DATA FOR THIS EXERCISE:
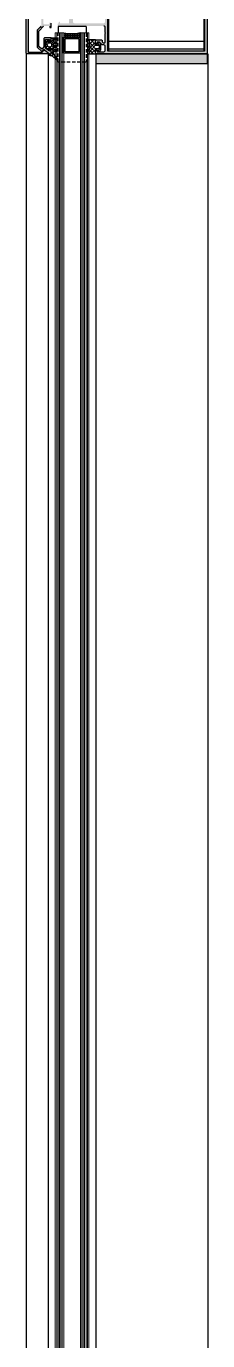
# Model space of a CAD drawing. Header units: millimetres. Extents: x 809 to 8159, y 33 to 4533.
# Drawn here: x 2919.8 to 2932.8, y 2998.5 to 3092.6 of the extents above; entities that cross this region are included whole.
import ezdxf

# ---------------------------------------------------------------- set-up
doc = ezdxf.new("R2010")
doc.units = ezdxf.units.MM
doc.linetypes.add('HIDDEN', pattern=[0.375, 0.25, -0.125])
for name, color, linetype in [('3', 11, 'Continuous'), ('5', 11, 'Continuous'), ('FITILLER', 240, 'Continuous'), ('GORUNUS-TARAMA', 11, 'Continuous')]:
    doc.layers.add(name, color=color, linetype=linetype)
doc.layers.add('cam', color=5, linetype='Continuous', lineweight=0)

# ---------------------------------------------------------------- blocks, each defined once
blk = doc.blocks.new('ajsdfxcvzx')
h = blk.add_hatch(color=256)
edge = h.paths.add_edge_path()
edge.add_arc((34875.984, -5495.803), 0.05, 90, 180)
edge.add_line((34875.934, -5495.803), (34875.934, -5500.443))
edge.add_arc((34875.984, -5500.443), 0.05, 180, 270)
edge.add_line((34875.984, -5500.493), (34876.937, -5500.493))
edge.add_line((34876.937, -5500.493), (34877.048, -5500.36))
edge.add_arc((34877.087, -5500.392), 0.05, 50, 140, ccw=False)
edge.add_line((34877.119, -5500.354), (34877.397, -5500.587))
edge.add_arc((34877.384, -5500.603), 0.02, -90, 50, ccw=False)
edge.add_line((34877.384, -5500.623), (34875.854, -5500.623))
edge.add_arc((34875.854, -5500.573), 0.05, 180, 270, ccw=False)
edge.add_line((34875.804, -5500.573), (34875.804, -5495.673))
edge.add_arc((34875.854, -5495.673), 0.05, 90, 180, ccw=False)
edge.add_line((34875.854, -5495.623), (34877.384, -5495.623))
edge.add_arc((34877.384, -5495.643), 0.02, -50, 90, ccw=False)
edge.add_line((34877.397, -5495.658), (34877.119, -5495.891))
edge.add_arc((34877.087, -5495.853), 0.05, 220, 310, ccw=False)
edge.add_line((34877.048, -5495.885), (34876.937, -5495.753))
edge.add_line((34876.937, -5495.753), (34875.984, -5495.753))
h = blk.add_hatch(color=256)
edge = h.paths.add_edge_path()
edge.add_line((34877.177, -5496.645), (34877.177, -5496.045))
edge.add_line((34877.177, -5496.045), (34877.457, -5495.81))
edge.add_line((34877.457, -5495.81), (34877.457, -5496.015))
edge.add_line((34877.457, -5496.015), (34877.527, -5496.015))
edge.add_arc((34877.527, -5495.965), 0.05, 270, 360)
edge.add_line((34877.577, -5495.965), (34877.577, -5495.628))
edge.add_line((34877.577, -5495.628), (34877.472, -5495.628))
edge.add_line((34877.472, -5495.628), (34877.116, -5495.926))
edge.add_arc((34877.084, -5495.888), 0.05, 220, 310, ccw=False)
edge.add_line((34877.045, -5495.92), (34876.97, -5495.831))
edge.add_arc((34876.932, -5495.863), 0.05, 40, 130)
edge.add_line((34876.9, -5495.824), (34876.595, -5496.08))
edge.add_arc((34876.627, -5496.118), 0.05, 130, 180)
edge.add_line((34876.577, -5496.118), (34876.577, -5497.298))
edge.add_arc((34876.627, -5497.298), 0.05, 180, 225)
edge.add_line((34876.592, -5497.333), (34876.769, -5497.511))
edge.add_line((34876.769, -5497.511), (34876.811, -5497.511))
edge.add_line((34876.811, -5497.511), (34876.811, -5497.553))
edge.add_line((34876.811, -5497.553), (34876.866, -5497.608))
edge.add_arc((34876.831, -5497.643), 0.05, 0, 45, ccw=False)
edge.add_line((34876.881, -5497.643), (34876.881, -5498.602))
edge.add_arc((34876.831, -5498.602), 0.05, 315, 360, ccw=False)
edge.add_line((34876.866, -5498.637), (34876.811, -5498.692))
edge.add_line((34876.811, -5498.692), (34876.811, -5498.735))
edge.add_line((34876.811, -5498.735), (34876.769, -5498.735))
edge.add_line((34876.769, -5498.735), (34876.592, -5498.912))
edge.add_arc((34876.627, -5498.947), 0.05, 135, 180)
edge.add_line((34876.577, -5498.947), (34876.577, -5500.127))
edge.add_arc((34876.627, -5500.127), 0.05, 180, 230)
edge.add_line((34876.595, -5500.165), (34876.9, -5500.421))
edge.add_arc((34876.932, -5500.382), 0.05, 230, 320)
edge.add_line((34876.97, -5500.415), (34877.045, -5500.325))
edge.add_arc((34877.084, -5500.357), 0.05, 50, 140, ccw=False)
edge.add_line((34877.116, -5500.319), (34877.472, -5500.618))
edge.add_line((34877.472, -5500.618), (34877.577, -5500.618))
edge.add_line((34877.577, -5500.618), (34877.577, -5500.28))
edge.add_arc((34877.527, -5500.28), 0.05, 0, 90)
edge.add_line((34877.527, -5500.23), (34877.457, -5500.23))
edge.add_line((34877.457, -5500.23), (34877.457, -5500.435))
edge.add_line((34877.457, -5500.435), (34877.177, -5500.2))
edge.add_line((34877.177, -5500.2), (34877.177, -5499.6))
edge.add_line((34877.177, -5499.6), (34877.457, -5499.6))
edge.add_line((34877.457, -5499.6), (34877.457, -5499.73))
edge.add_line((34877.457, -5499.73), (34877.527, -5499.73))
edge.add_arc((34877.527, -5499.68), 0.05, 270, 360)
edge.add_line((34877.577, -5499.68), (34877.577, -5499.48))
edge.add_line((34877.577, -5499.48), (34877.107, -5499.48))
edge.add_arc((34877.107, -5499.53), 0.05, 90, 180)
edge.add_line((34877.057, -5499.53), (34877.057, -5500.106))
edge.add_arc((34877.007, -5500.106), 0.05, 320, 360, ccw=False)
edge.add_line((34877.045, -5500.138), (34876.955, -5500.245))
edge.add_arc((34876.917, -5500.213), 0.05, 230, 320, ccw=False)
edge.add_line((34876.885, -5500.252), (34876.715, -5500.109))
edge.add_arc((34876.747, -5500.071), 0.05, 180, 230, ccw=False)
edge.add_line((34876.697, -5500.071), (34876.697, -5498.997))
edge.add_arc((34876.747, -5498.997), 0.05, 135, 180, ccw=False)
edge.add_line((34876.712, -5498.961), (34877.036, -5498.637))
edge.add_arc((34877.071, -5498.673), 0.05, 90, 135, ccw=False)
edge.add_line((34877.071, -5498.623), (34877.477, -5498.623))
edge.add_line((34877.477, -5498.623), (34877.477, -5498.723))
edge.add_line((34877.477, -5498.723), (34877.577, -5498.723))
edge.add_line((34877.577, -5498.723), (34877.577, -5498.423))
edge.add_arc((34877.527, -5498.423), 0.05, 0, 90)
edge.add_line((34877.527, -5498.373), (34877.457, -5498.373))
edge.add_line((34877.457, -5498.373), (34877.457, -5498.503))
edge.add_line((34877.457, -5498.503), (34877.081, -5498.503))
edge.add_arc((34877.081, -5498.453), 0.05, 180, 270, ccw=False)
edge.add_line((34877.031, -5498.453), (34877.031, -5497.793))
edge.add_arc((34877.081, -5497.793), 0.05, 90, 180, ccw=False)
edge.add_line((34877.081, -5497.743), (34877.457, -5497.743))
edge.add_line((34877.457, -5497.743), (34877.457, -5497.873))
edge.add_line((34877.457, -5497.873), (34877.527, -5497.873))
edge.add_arc((34877.527, -5497.823), 0.05, 270, 360)
edge.add_line((34877.577, -5497.823), (34877.577, -5497.523))
edge.add_line((34877.577, -5497.523), (34877.477, -5497.523))
edge.add_line((34877.477, -5497.523), (34877.477, -5497.623))
edge.add_line((34877.477, -5497.623), (34877.071, -5497.623))
edge.add_arc((34877.071, -5497.573), 0.05, 225, 270, ccw=False)
edge.add_line((34877.036, -5497.608), (34876.712, -5497.284))
edge.add_arc((34876.747, -5497.248), 0.05, 180, 225, ccw=False)
edge.add_line((34876.697, -5497.248), (34876.697, -5496.174))
edge.add_arc((34876.747, -5496.174), 0.05, 130, 180, ccw=False)
edge.add_line((34876.715, -5496.136), (34876.885, -5495.993))
edge.add_arc((34876.917, -5496.032), 0.05, 40, 130, ccw=False)
edge.add_line((34876.955, -5496), (34877.045, -5496.107))
edge.add_arc((34877.007, -5496.139), 0.05, 0, 40, ccw=False)
edge.add_line((34877.057, -5496.139), (34877.057, -5496.715))
edge.add_arc((34877.107, -5496.715), 0.05, 180, 270)
edge.add_line((34877.107, -5496.765), (34877.577, -5496.765))
edge.add_line((34877.577, -5496.765), (34877.577, -5496.565))
edge.add_arc((34877.527, -5496.565), 0.05, 0, 90)
edge.add_line((34877.527, -5496.515), (34877.457, -5496.515))
edge.add_line((34877.457, -5496.515), (34877.457, -5496.645))
edge.add_line((34877.457, -5496.645), (34877.177, -5496.645))
h = blk.add_hatch(color=256)
edge = h.paths.add_edge_path()
edge.add_line((34880.797, -5500.373), (34880.867, -5500.373))
edge.add_line((34880.867, -5500.373), (34880.867, -5500.463))
edge.add_line((34880.867, -5500.463), (34881.347, -5500.463))
edge.add_arc((34881.347, -5500.363), 0.1, -90, 0)
edge.add_line((34881.447, -5500.363), (34881.447, -5500.083))
edge.add_arc((34881.347, -5500.083), 0.1, 0, 90)
edge.add_line((34881.347, -5499.983), (34881.268, -5499.983))
edge.add_arc((34881.268, -5499.933), 0.05, 225, 270, ccw=False)
edge.add_line((34881.232, -5499.968), (34881.062, -5499.797))
edge.add_arc((34881.026, -5499.833), 0.05, 45, 90)
edge.add_line((34881.026, -5499.783), (34880.867, -5499.783))
edge.add_line((34880.867, -5499.783), (34880.867, -5499.873))
edge.add_line((34880.867, -5499.873), (34880.797, -5499.873))
edge.add_arc((34880.797, -5499.823), 0.05, -180, -90, ccw=False)
edge.add_line((34880.747, -5499.823), (34880.747, -5499.623))
edge.add_line((34880.747, -5499.623), (34881.187, -5499.623))
edge.add_arc((34881.187, -5499.673), 0.05, 0, 90, ccw=False)
edge.add_line((34881.237, -5499.673), (34881.237, -5499.74))
edge.add_arc((34881.287, -5499.74), 0.05, 180, 225)
edge.add_line((34881.252, -5499.775), (34881.285, -5499.808))
edge.add_arc((34881.32, -5499.773), 0.05, 225, 270)
edge.add_line((34881.32, -5499.823), (34881.397, -5499.823))
edge.add_arc((34881.397, -5499.773), 0.05, -90, 0)
edge.add_line((34881.447, -5499.773), (34881.447, -5499.523))
edge.add_line((34881.447, -5499.523), (34881.447, -5499.153))
edge.add_line((34881.447, -5499.153), (34881.477, -5499.123))
edge.add_line((34881.477, -5499.123), (34881.447, -5499.093))
edge.add_line((34881.447, -5499.093), (34881.447, -5498.723))
edge.add_arc((34881.356, -5498.714), 0.0919, -5.07053, 90.95505)
edge.add_line((34881.354, -5498.623), (34879.077, -5498.623))
edge.add_arc((34879.057, -5498.623), 0.02, 0, 180)
edge.add_line((34879.037, -5498.623), (34879.017, -5498.623))
edge.add_arc((34878.997, -5498.623), 0.02, 0, 180)
edge.add_line((34878.977, -5498.623), (34878.047, -5498.623))
edge.add_line((34878.047, -5498.623), (34878.047, -5498.483))
edge.add_arc((34878.107, -5498.483), 0.06, 90, 180, ccw=False)
edge.add_line((34878.107, -5498.423), (34878.107, -5498.353))
edge.add_arc((34878.137, -5498.353), 0.03, 90, 180, ccw=False)
edge.add_line((34878.137, -5498.323), (34878.177, -5498.323))
edge.add_arc((34878.177, -5498.353), 0.03, 0, 90, ccw=False)
edge.add_line((34878.207, -5498.353), (34878.207, -5498.423))
edge.add_line((34878.207, -5498.423), (34878.847, -5498.423))
edge.add_line((34878.847, -5498.423), (34878.847, -5498.173))
edge.add_line((34878.847, -5498.173), (34878.897, -5498.123))
edge.add_line((34878.897, -5498.123), (34878.847, -5498.073))
edge.add_line((34878.847, -5498.073), (34878.847, -5497.823))
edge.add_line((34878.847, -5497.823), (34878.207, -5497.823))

WORK REQUEST:
In the listing above, find the line with "edge.add_line((34875.984, -5500.493), (34876.937, -5500.493))" and the line with "edge.add_line((34877.119, -5500.354), (34877.397, -5500.587))", then reproduce both and every line between them exactly.

YOUR RESPONSE:
edge.add_line((34875.984, -5500.493), (34876.937, -5500.493))
edge.add_line((34876.937, -5500.493), (34877.048, -5500.36))
edge.add_arc((34877.087, -5500.392), 0.05, 50, 140, ccw=False)
edge.add_line((34877.119, -5500.354), (34877.397, -5500.587))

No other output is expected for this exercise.